Ей всегда было интересно, каким образом творческие люди работают.
– С девяти утра до шести вечера с часовым перерывом на ланч ежедневно, кроме праздничных дней.
– Какое пунктуальное! – хмыкнула Эстель. – И наверняка знает трудовое законодательство.
– Ты говоришь так, будто это работа! – наставив на Стенли обвиняющий перст, сказала Оливия.
– А это и есть работа. Если каждый день не тренироваться, руки могут забыть, как держать кисть. Во всем должен быть порядок, даже в творчестве. Иногда, конечно, бывает, что я вскакиваю в три часа ночи и бросаюсь к мольберту. А бывает наоборот: я день-деньской торчу в своей мастерской, рисую, стараюсь, но ничего толкового не получается.
– Так почему бы не подождать, когда тебе захочется вскочить и нестись к мольберту?
– Человек – существо очень ленивое. Дай ему волю, и он вообще ничего делать не будет, – вклинилась в разговор Джулс. – Мне иногда тоже до ужаса не хочется писать. Ну так что же?
– Что? – хором спросили все.
– Я усаживаю себя за компьютер и буквально насилую свой мозг. Конечно, в этом случае я пишу гораздо медленнее, больше потом приходится править, но, с другой стороны, если бы я себя не заставляла, не было бы вообще ничего! А иногда просто чувствую зуд в кончиках пальцев, так мне хочется что-нибудь написать.
– Ты не показатель! – отмахнулась от нее Оливия.
– Это еще почему?
– Журналистика – ремесло. В журналистику идут неудавшиеся писатели. Я отказываюсь признавать тебя творческой личностью.
– Ну и подумаешь! – Джулс всерьез обиделась. Это Оливия-то, которая за всю свою жизнь не написала ни одного приличного эссе, говорит, что она не творческая личность!
– У меня то же самое, – поспешил заметить Стенли. – Джулс говорит истинную правду. Нужно работать каждый день, если ты хочешь добиться чего-то в деле, которому посвятил жизнь. И совершенно безразлично, что это: живопись, журналистика, финансовые операции или руководство ночным клубом. Ты ведь тоже не по наитию работаешь?

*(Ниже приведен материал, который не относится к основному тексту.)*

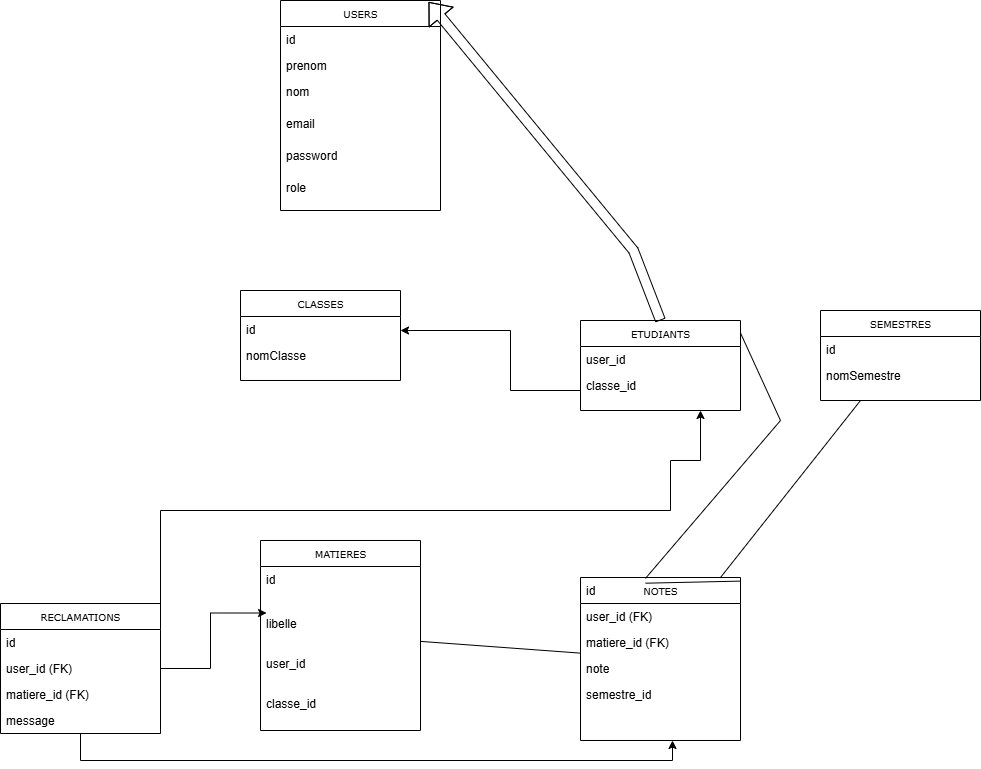

The diagram above was exported from draw.io. Its source (the exported page's mxGraphModel, read from the mxfile embedded in the PNG):
<mxGraphModel dx="2339" dy="2047" grid="1" gridSize="10" guides="1" tooltips="1" connect="1" arrows="1" fold="1" page="1" pageScale="1" pageWidth="850" pageHeight="1100" background="none" math="0" shadow="0">
  <root>
    <mxCell id="0" />
    <mxCell id="1" parent="0" />
    <mxCell id="17acba5748e5396b-30" parent="1" style="swimlane;html=1;fontStyle=0;childLayout=stackLayout;horizontal=1;startSize=26;fillColor=none;horizontalStack=0;resizeParent=1;resizeLast=0;collapsible=1;marginBottom=0;swimlaneFillColor=#ffffff;rounded=0;shadow=0;comic=0;labelBackgroundColor=none;strokeWidth=1;fontFamily=Verdana;fontSize=10;align=center;" value="USERS" vertex="1">
      <mxGeometry height="210" width="160" x="250" y="-300" as="geometry" />
    </mxCell>
    <mxCell id="17acba5748e5396b-31" parent="17acba5748e5396b-30" style="text;html=1;strokeColor=none;fillColor=none;align=left;verticalAlign=top;spacingLeft=4;spacingRight=4;whiteSpace=wrap;overflow=hidden;rotatable=0;points=[[0,0.5],[1,0.5]];portConstraint=eastwest;" value="id" vertex="1">
      <mxGeometry height="26" width="160" y="26" as="geometry" />
    </mxCell>
    <mxCell id="17acba5748e5396b-32" parent="17acba5748e5396b-30" style="text;html=1;strokeColor=none;fillColor=none;align=left;verticalAlign=top;spacingLeft=4;spacingRight=4;whiteSpace=wrap;overflow=hidden;rotatable=0;points=[[0,0.5],[1,0.5]];portConstraint=eastwest;" value="prenom" vertex="1">
      <mxGeometry height="26" width="160" y="52" as="geometry" />
    </mxCell>
    <mxCell id="17acba5748e5396b-33" parent="17acba5748e5396b-30" style="text;html=1;strokeColor=none;fillColor=none;align=left;verticalAlign=top;spacingLeft=4;spacingRight=4;whiteSpace=wrap;overflow=hidden;rotatable=0;points=[[0,0.5],[1,0.5]];portConstraint=eastwest;" value="nom" vertex="1">
      <mxGeometry height="32" width="160" y="78" as="geometry" />
    </mxCell>
    <mxCell id="TUb5nE_655yz5B_7c4Bo-2" parent="17acba5748e5396b-30" style="text;html=1;strokeColor=none;fillColor=none;align=left;verticalAlign=top;spacingLeft=4;spacingRight=4;whiteSpace=wrap;overflow=hidden;rotatable=0;points=[[0,0.5],[1,0.5]];portConstraint=eastwest;" value="email" vertex="1">
      <mxGeometry height="32" width="160" y="110" as="geometry" />
    </mxCell>
    <mxCell id="TUb5nE_655yz5B_7c4Bo-3" parent="17acba5748e5396b-30" style="text;html=1;strokeColor=none;fillColor=none;align=left;verticalAlign=top;spacingLeft=4;spacingRight=4;whiteSpace=wrap;overflow=hidden;rotatable=0;points=[[0,0.5],[1,0.5]];portConstraint=eastwest;" value="password" vertex="1">
      <mxGeometry height="32" width="160" y="142" as="geometry" />
    </mxCell>
    <mxCell id="TUb5nE_655yz5B_7c4Bo-16" parent="17acba5748e5396b-30" style="text;html=1;strokeColor=none;fillColor=none;align=left;verticalAlign=top;spacingLeft=4;spacingRight=4;whiteSpace=wrap;overflow=hidden;rotatable=0;points=[[0,0.5],[1,0.5]];portConstraint=eastwest;" value="role" vertex="1">
      <mxGeometry height="32" width="160" y="174" as="geometry" />
    </mxCell>
    <mxCell id="TUb5nE_655yz5B_7c4Bo-50" edge="1" parent="1" source="TUb5nE_655yz5B_7c4Bo-10" style="edgeStyle=orthogonalEdgeStyle;rounded=0;orthogonalLoop=1;jettySize=auto;html=1;" target="TUb5nE_655yz5B_7c4Bo-36">
      <mxGeometry relative="1" as="geometry">
        <Array as="points">
          <mxPoint x="480" y="90" />
          <mxPoint x="480" y="30" />
        </Array>
      </mxGeometry>
    </mxCell>
    <mxCell id="TUb5nE_655yz5B_7c4Bo-10" parent="1" style="swimlane;html=1;fontStyle=0;childLayout=stackLayout;horizontal=1;startSize=26;fillColor=none;horizontalStack=0;resizeParent=1;resizeLast=0;collapsible=1;marginBottom=0;swimlaneFillColor=#ffffff;rounded=0;shadow=0;comic=0;labelBackgroundColor=none;strokeWidth=1;fontFamily=Verdana;fontSize=10;align=center;" value="ETUDIANTS" vertex="1">
      <mxGeometry height="90" width="160" x="550" y="20" as="geometry" />
    </mxCell>
    <mxCell id="TUb5nE_655yz5B_7c4Bo-11" parent="TUb5nE_655yz5B_7c4Bo-10" style="text;html=1;strokeColor=none;fillColor=none;align=left;verticalAlign=top;spacingLeft=4;spacingRight=4;whiteSpace=wrap;overflow=hidden;rotatable=0;points=[[0,0.5],[1,0.5]];portConstraint=eastwest;" value="user_id" vertex="1">
      <mxGeometry height="26" width="160" y="26" as="geometry" />
    </mxCell>
    <mxCell id="TUb5nE_655yz5B_7c4Bo-12" parent="TUb5nE_655yz5B_7c4Bo-10" style="text;html=1;strokeColor=none;fillColor=none;align=left;verticalAlign=top;spacingLeft=4;spacingRight=4;whiteSpace=wrap;overflow=hidden;rotatable=0;points=[[0,0.5],[1,0.5]];portConstraint=eastwest;" value="classe_id&lt;div&gt;&lt;br&gt;&lt;/div&gt;" vertex="1">
      <mxGeometry height="26" width="160" y="52" as="geometry" />
    </mxCell>
    <mxCell id="TUb5nE_655yz5B_7c4Bo-20" parent="1" style="swimlane;html=1;fontStyle=0;childLayout=stackLayout;horizontal=1;startSize=26;fillColor=none;horizontalStack=0;resizeParent=1;resizeLast=0;collapsible=1;marginBottom=0;swimlaneFillColor=#ffffff;rounded=0;shadow=0;comic=0;labelBackgroundColor=none;strokeWidth=1;fontFamily=Verdana;fontSize=10;align=center;" value="MATIERES" vertex="1">
      <mxGeometry height="190" width="160" x="230" y="240" as="geometry" />
    </mxCell>
    <mxCell id="TUb5nE_655yz5B_7c4Bo-21" parent="TUb5nE_655yz5B_7c4Bo-20" style="text;html=1;strokeColor=none;fillColor=none;align=left;verticalAlign=top;spacingLeft=4;spacingRight=4;whiteSpace=wrap;overflow=hidden;rotatable=0;points=[[0,0.5],[1,0.5]];portConstraint=eastwest;" value="id" vertex="1">
      <mxGeometry height="44" width="160" y="26" as="geometry" />
    </mxCell>
    <mxCell id="TUb5nE_655yz5B_7c4Bo-22" parent="TUb5nE_655yz5B_7c4Bo-20" style="text;html=1;strokeColor=none;fillColor=none;align=left;verticalAlign=top;spacingLeft=4;spacingRight=4;whiteSpace=wrap;overflow=hidden;rotatable=0;points=[[0,0.5],[1,0.5]];portConstraint=eastwest;" value="libelle" vertex="1">
      <mxGeometry height="40" width="160" y="70" as="geometry" />
    </mxCell>
    <mxCell id="TUb5nE_655yz5B_7c4Bo-23" parent="TUb5nE_655yz5B_7c4Bo-20" style="text;html=1;strokeColor=none;fillColor=none;align=left;verticalAlign=top;spacingLeft=4;spacingRight=4;whiteSpace=wrap;overflow=hidden;rotatable=0;points=[[0,0.5],[1,0.5]];portConstraint=eastwest;" value="user_id" vertex="1">
      <mxGeometry height="40" width="160" y="110" as="geometry" />
    </mxCell>
    <mxCell id="TUb5nE_655yz5B_7c4Bo-38" parent="TUb5nE_655yz5B_7c4Bo-20" style="text;html=1;strokeColor=none;fillColor=none;align=left;verticalAlign=top;spacingLeft=4;spacingRight=4;whiteSpace=wrap;overflow=hidden;rotatable=0;points=[[0,0.5],[1,0.5]];portConstraint=eastwest;" value="classe_id" vertex="1">
      <mxGeometry height="40" width="160" y="150" as="geometry" />
    </mxCell>
    <mxCell id="TUb5nE_655yz5B_7c4Bo-24" parent="1" style="swimlane;html=1;fontStyle=0;childLayout=stackLayout;horizontal=1;startSize=26;fillColor=none;horizontalStack=0;resizeParent=1;resizeLast=0;collapsible=1;marginBottom=0;swimlaneFillColor=#ffffff;rounded=0;shadow=0;comic=0;labelBackgroundColor=none;strokeWidth=1;fontFamily=Verdana;fontSize=10;align=center;" value="NOTES" vertex="1">
      <mxGeometry height="163" width="160" x="550" y="277" as="geometry" />
    </mxCell>
    <mxCell id="TUb5nE_655yz5B_7c4Bo-26" parent="TUb5nE_655yz5B_7c4Bo-24" style="text;html=1;strokeColor=none;fillColor=none;align=left;verticalAlign=top;spacingLeft=4;spacingRight=4;whiteSpace=wrap;overflow=hidden;rotatable=0;points=[[0,0.5],[1,0.5]];portConstraint=eastwest;" value="&lt;div&gt;user_id (FK)&lt;/div&gt;" vertex="1">
      <mxGeometry height="26" width="160" y="26" as="geometry" />
    </mxCell>
    <mxCell id="TUb5nE_655yz5B_7c4Bo-27" parent="TUb5nE_655yz5B_7c4Bo-24" style="text;html=1;strokeColor=none;fillColor=none;align=left;verticalAlign=top;spacingLeft=4;spacingRight=4;whiteSpace=wrap;overflow=hidden;rotatable=0;points=[[0,0.5],[1,0.5]];portConstraint=eastwest;" value="matiere_id (FK)" vertex="1">
      <mxGeometry height="26" width="160" y="52" as="geometry" />
    </mxCell>
    <mxCell id="TUb5nE_655yz5B_7c4Bo-28" parent="TUb5nE_655yz5B_7c4Bo-24" style="text;html=1;strokeColor=none;fillColor=none;align=left;verticalAlign=top;spacingLeft=4;spacingRight=4;whiteSpace=wrap;overflow=hidden;rotatable=0;points=[[0,0.5],[1,0.5]];portConstraint=eastwest;" value="note" vertex="1">
      <mxGeometry height="26" width="160" y="78" as="geometry" />
    </mxCell>
    <mxCell id="TUb5nE_655yz5B_7c4Bo-42" parent="TUb5nE_655yz5B_7c4Bo-24" style="text;html=1;strokeColor=none;fillColor=none;align=left;verticalAlign=top;spacingLeft=4;spacingRight=4;whiteSpace=wrap;overflow=hidden;rotatable=0;points=[[0,0.5],[1,0.5]];portConstraint=eastwest;" value="semestre_id&lt;div&gt;&lt;br&gt;&lt;/div&gt;" vertex="1">
      <mxGeometry height="26" width="160" y="104" as="geometry" />
    </mxCell>
    <mxCell id="TUb5nE_655yz5B_7c4Bo-51" edge="1" parent="1" source="TUb5nE_655yz5B_7c4Bo-34" style="edgeStyle=orthogonalEdgeStyle;rounded=0;orthogonalLoop=1;jettySize=auto;html=1;exitX=0.581;exitY=0.981;exitDx=0;exitDy=0;exitPerimeter=0;entryX=0.75;entryY=1;entryDx=0;entryDy=0;" target="TUb5nE_655yz5B_7c4Bo-10">
      <mxGeometry relative="1" as="geometry">
        <Array as="points">
          <mxPoint x="130" y="433" />
          <mxPoint x="130" y="210" />
          <mxPoint x="640" y="210" />
          <mxPoint x="640" y="160" />
          <mxPoint x="670" y="160" />
        </Array>
        <mxPoint x="140" y="416" as="sourcePoint" />
        <mxPoint x="590" y="160" as="targetPoint" />
      </mxGeometry>
    </mxCell>
    <mxCell id="TUb5nE_655yz5B_7c4Bo-30" parent="1" style="swimlane;html=1;fontStyle=0;childLayout=stackLayout;horizontal=1;startSize=26;fillColor=none;horizontalStack=0;resizeParent=1;resizeLast=0;collapsible=1;marginBottom=0;swimlaneFillColor=#ffffff;rounded=0;shadow=0;comic=0;labelBackgroundColor=none;strokeWidth=1;fontFamily=Verdana;fontSize=10;align=center;" value="RECLAMATIONS" vertex="1">
      <mxGeometry height="130" width="160" x="-30" y="303" as="geometry" />
    </mxCell>
    <mxCell id="TUb5nE_655yz5B_7c4Bo-31" parent="TUb5nE_655yz5B_7c4Bo-30" style="text;html=1;strokeColor=none;fillColor=none;align=left;verticalAlign=top;spacingLeft=4;spacingRight=4;whiteSpace=wrap;overflow=hidden;rotatable=0;points=[[0,0.5],[1,0.5]];portConstraint=eastwest;" value="id" vertex="1">
      <mxGeometry height="26" width="160" y="26" as="geometry" />
    </mxCell>
    <mxCell id="TUb5nE_655yz5B_7c4Bo-32" parent="TUb5nE_655yz5B_7c4Bo-30" style="text;html=1;strokeColor=none;fillColor=none;align=left;verticalAlign=top;spacingLeft=4;spacingRight=4;whiteSpace=wrap;overflow=hidden;rotatable=0;points=[[0,0.5],[1,0.5]];portConstraint=eastwest;" value="&lt;div&gt;user_id (FK)&lt;/div&gt;" vertex="1">
      <mxGeometry height="26" width="160" y="52" as="geometry" />
    </mxCell>
    <mxCell id="TUb5nE_655yz5B_7c4Bo-33" parent="TUb5nE_655yz5B_7c4Bo-30" style="text;html=1;strokeColor=none;fillColor=none;align=left;verticalAlign=top;spacingLeft=4;spacingRight=4;whiteSpace=wrap;overflow=hidden;rotatable=0;points=[[0,0.5],[1,0.5]];portConstraint=eastwest;" value="matiere_id (FK)" vertex="1">
      <mxGeometry height="26" width="160" y="78" as="geometry" />
    </mxCell>
    <mxCell id="TUb5nE_655yz5B_7c4Bo-34" parent="TUb5nE_655yz5B_7c4Bo-30" style="text;html=1;strokeColor=none;fillColor=none;align=left;verticalAlign=top;spacingLeft=4;spacingRight=4;whiteSpace=wrap;overflow=hidden;rotatable=0;points=[[0,0.5],[1,0.5]];portConstraint=eastwest;" value="message" vertex="1">
      <mxGeometry height="26" width="160" y="104" as="geometry" />
    </mxCell>
    <mxCell id="TUb5nE_655yz5B_7c4Bo-35" parent="1" style="swimlane;html=1;fontStyle=0;childLayout=stackLayout;horizontal=1;startSize=26;fillColor=none;horizontalStack=0;resizeParent=1;resizeLast=0;collapsible=1;marginBottom=0;swimlaneFillColor=#ffffff;rounded=0;shadow=0;comic=0;labelBackgroundColor=none;strokeWidth=1;fontFamily=Verdana;fontSize=10;align=center;" value="CLASSES" vertex="1">
      <mxGeometry height="90" width="160" x="210" y="-10" as="geometry" />
    </mxCell>
    <mxCell id="TUb5nE_655yz5B_7c4Bo-36" parent="TUb5nE_655yz5B_7c4Bo-35" style="text;html=1;strokeColor=none;fillColor=none;align=left;verticalAlign=top;spacingLeft=4;spacingRight=4;whiteSpace=wrap;overflow=hidden;rotatable=0;points=[[0,0.5],[1,0.5]];portConstraint=eastwest;" value="id" vertex="1">
      <mxGeometry height="26" width="160" y="26" as="geometry" />
    </mxCell>
    <mxCell id="TUb5nE_655yz5B_7c4Bo-37" parent="TUb5nE_655yz5B_7c4Bo-35" style="text;html=1;strokeColor=none;fillColor=none;align=left;verticalAlign=top;spacingLeft=4;spacingRight=4;whiteSpace=wrap;overflow=hidden;rotatable=0;points=[[0,0.5],[1,0.5]];portConstraint=eastwest;" value="&lt;div&gt;nomClasse&lt;/div&gt;" vertex="1">
      <mxGeometry height="26" width="160" y="52" as="geometry" />
    </mxCell>
    <mxCell id="TUb5nE_655yz5B_7c4Bo-39" edge="1" parent="1" source="TUb5nE_655yz5B_7c4Bo-10" style="shape=flexArrow;endArrow=classic;html=1;rounded=0;entryX=0.926;entryY=0.007;entryDx=0;entryDy=0;entryPerimeter=0;exitX=0.5;exitY=0;exitDx=0;exitDy=0;" target="17acba5748e5396b-30" value="">
      <mxGeometry height="50" relative="1" width="50" as="geometry">
        <Array as="points">
          <mxPoint x="602.96" y="-50" />
        </Array>
        <mxPoint x="620.1028571428574" y="10" as="sourcePoint" />
        <mxPoint x="469.99999999999994" y="-100.51199999999994" as="targetPoint" />
      </mxGeometry>
    </mxCell>
    <mxCell id="TUb5nE_655yz5B_7c4Bo-43" parent="1" style="swimlane;html=1;fontStyle=0;childLayout=stackLayout;horizontal=1;startSize=26;fillColor=none;horizontalStack=0;resizeParent=1;resizeLast=0;collapsible=1;marginBottom=0;swimlaneFillColor=#ffffff;rounded=0;shadow=0;comic=0;labelBackgroundColor=none;strokeWidth=1;fontFamily=Verdana;fontSize=10;align=center;" value="SEMESTRES" vertex="1">
      <mxGeometry height="90" width="160" x="790" y="10" as="geometry" />
    </mxCell>
    <mxCell id="TUb5nE_655yz5B_7c4Bo-44" parent="TUb5nE_655yz5B_7c4Bo-43" style="text;html=1;strokeColor=none;fillColor=none;align=left;verticalAlign=top;spacingLeft=4;spacingRight=4;whiteSpace=wrap;overflow=hidden;rotatable=0;points=[[0,0.5],[1,0.5]];portConstraint=eastwest;" value="id&lt;div&gt;&lt;br&gt;&lt;/div&gt;" vertex="1">
      <mxGeometry height="26" width="160" y="26" as="geometry" />
    </mxCell>
    <mxCell id="TUb5nE_655yz5B_7c4Bo-45" parent="TUb5nE_655yz5B_7c4Bo-43" style="text;html=1;strokeColor=none;fillColor=none;align=left;verticalAlign=top;spacingLeft=4;spacingRight=4;whiteSpace=wrap;overflow=hidden;rotatable=0;points=[[0,0.5],[1,0.5]];portConstraint=eastwest;" value="&lt;div&gt;nomSemestre&lt;/div&gt;&lt;div&gt;&lt;br&gt;&lt;/div&gt;" vertex="1">
      <mxGeometry height="26" width="160" y="52" as="geometry" />
    </mxCell>
    <mxCell id="TUb5nE_655yz5B_7c4Bo-46" edge="1" parent="1" source="TUb5nE_655yz5B_7c4Bo-24" style="endArrow=none;html=1;rounded=0;entryX=0.25;entryY=1;entryDx=0;entryDy=0;exitX=0.875;exitY=0;exitDx=0;exitDy=0;exitPerimeter=0;" target="TUb5nE_655yz5B_7c4Bo-43" value="">
      <mxGeometry height="50" relative="1" width="50" as="geometry">
        <Array as="points" />
        <mxPoint x="570" y="190" as="sourcePoint" />
        <mxPoint x="620" y="140" as="targetPoint" />
      </mxGeometry>
    </mxCell>
    <mxCell id="TUb5nE_655yz5B_7c4Bo-47" edge="1" parent="1" source="TUb5nE_655yz5B_7c4Bo-20" style="endArrow=none;html=1;rounded=0;" target="TUb5nE_655yz5B_7c4Bo-24" value="">
      <mxGeometry height="50" relative="1" width="50" as="geometry">
        <mxPoint x="610" y="310" as="sourcePoint" />
        <mxPoint x="660" y="260" as="targetPoint" />
      </mxGeometry>
    </mxCell>
    <mxCell id="TUb5nE_655yz5B_7c4Bo-48" edge="1" parent="1" source="TUb5nE_655yz5B_7c4Bo-25" style="endArrow=none;html=1;rounded=0;entryX=1;entryY=0.139;entryDx=0;entryDy=0;entryPerimeter=0;exitX=0.406;exitY=0.035;exitDx=0;exitDy=0;exitPerimeter=0;" target="TUb5nE_655yz5B_7c4Bo-10" value="">
      <mxGeometry height="50" relative="1" width="50" as="geometry">
        <Array as="points">
          <mxPoint x="750" y="120" />
        </Array>
        <mxPoint x="570" y="190" as="sourcePoint" />
        <mxPoint x="620" y="140" as="targetPoint" />
      </mxGeometry>
    </mxCell>
    <mxCell id="TUb5nE_655yz5B_7c4Bo-52" edge="1" parent="1" source="TUb5nE_655yz5B_7c4Bo-32" style="edgeStyle=orthogonalEdgeStyle;rounded=0;orthogonalLoop=1;jettySize=auto;html=1;entryX=0.038;entryY=0.063;entryDx=0;entryDy=0;entryPerimeter=0;" target="TUb5nE_655yz5B_7c4Bo-22">
      <mxGeometry relative="1" as="geometry" />
    </mxCell>
    <mxCell id="TUb5nE_655yz5B_7c4Bo-53" edge="1" parent="1" source="TUb5nE_655yz5B_7c4Bo-34" style="edgeStyle=orthogonalEdgeStyle;rounded=0;orthogonalLoop=1;jettySize=auto;html=1;">
      <mxGeometry relative="1" as="geometry">
        <Array as="points">
          <mxPoint x="50" y="460" />
          <mxPoint x="642" y="460" />
        </Array>
        <mxPoint x="642" y="440" as="targetPoint" />
      </mxGeometry>
    </mxCell>
    <mxCell id="TUb5nE_655yz5B_7c4Bo-25" parent="1" style="text;html=1;strokeColor=none;fillColor=none;align=left;verticalAlign=top;spacingLeft=4;spacingRight=4;whiteSpace=wrap;overflow=hidden;rotatable=0;points=[[0,0.5],[1,0.5]];portConstraint=eastwest;" value="id" vertex="1">
      <mxGeometry height="26" width="160" x="550" y="277" as="geometry" />
    </mxCell>
    <mxCell id="TUb5nE_655yz5B_7c4Bo-54" edge="1" parent="1" source="TUb5nE_655yz5B_7c4Bo-24" style="endArrow=none;html=1;rounded=0;entryX=1;entryY=0.139;entryDx=0;entryDy=0;entryPerimeter=0;exitX=0.406;exitY=0.035;exitDx=0;exitDy=0;exitPerimeter=0;" target="TUb5nE_655yz5B_7c4Bo-25" value="">
      <mxGeometry height="50" relative="1" width="50" as="geometry">
        <mxPoint x="615" y="282" as="sourcePoint" />
        <mxPoint x="680" y="83" as="targetPoint" />
      </mxGeometry>
    </mxCell>
  </root>
</mxGraphModel>

– Конечно же нет! – возмутилась она. – Но ведь у меня совсем не творческая работа.
– Это как посмотреть. Впрочем, не стоит продолжать этот спор: мы ведь здесь отдыхаем. А на отдыхе все мысли о работе под строжайшим табу.
– Еще один вопрос! – потребовала настойчивая Оливия. – Если ты работаешь каждый день, кроме уик-энда, как же тогда ты на десять дней уехал в этот круиз без мольберта, кистей и красок?
– Я умею рисовать не только маслом, – усмехнулся Стенли. – Большую часть моего багажа составляют альбомы и карандаши. У меня собралось несколько просто удивительных набросков. Там и все вы есть. Хотите, покажу?
Все три девушки тут же оживились и закивали.
– Обязательно, но позже. Кажется, через пять минут у нас начнется экскурсия. Я бы не хотел пропустить Чивитавеккью даже ради ваших восторженных взглядов. Так вы идете? – Стенли встал из-за стола и подал руку Джулс.
– Ну и самомнение, – тихо шепнула Оливия Эстель.
– Подожди, может быть, это не самомнение, а здравая оценка, – предположила более рассудительная и осторожная подруга.
– Еще скажи, что из Джулс может получиться второй Диккенс!
Эстель задумалась. Она посмотрела на увлеченно болтающую о чем-то со Стенли подругу и покачала головой. Кажется, нужно становиться на сторону Джулс.
– Но ведь она никогда не пробовала писать романы.
– И не попробует. Ты ведь и сама прекрасно знаешь: Джулс – довольно ленива. Пусть она и утверждает, что каждый день работает, но ведь мы-то с тобой знаем, что она усаживается за компьютер каждый день только потому, что берет себе слишком много работы.
Эстель вздохнула и кивнула.
– Да и писать садится все время в последний момент. Но ведь люди с возрастом меняются.
– Ха-ха! Если Джулс изменится, станет ответственной и предсказуемой, я съем свои лучшие туфли!
– Смотри, тебя за язык никто не тянул, – предупредила подругу Эстель.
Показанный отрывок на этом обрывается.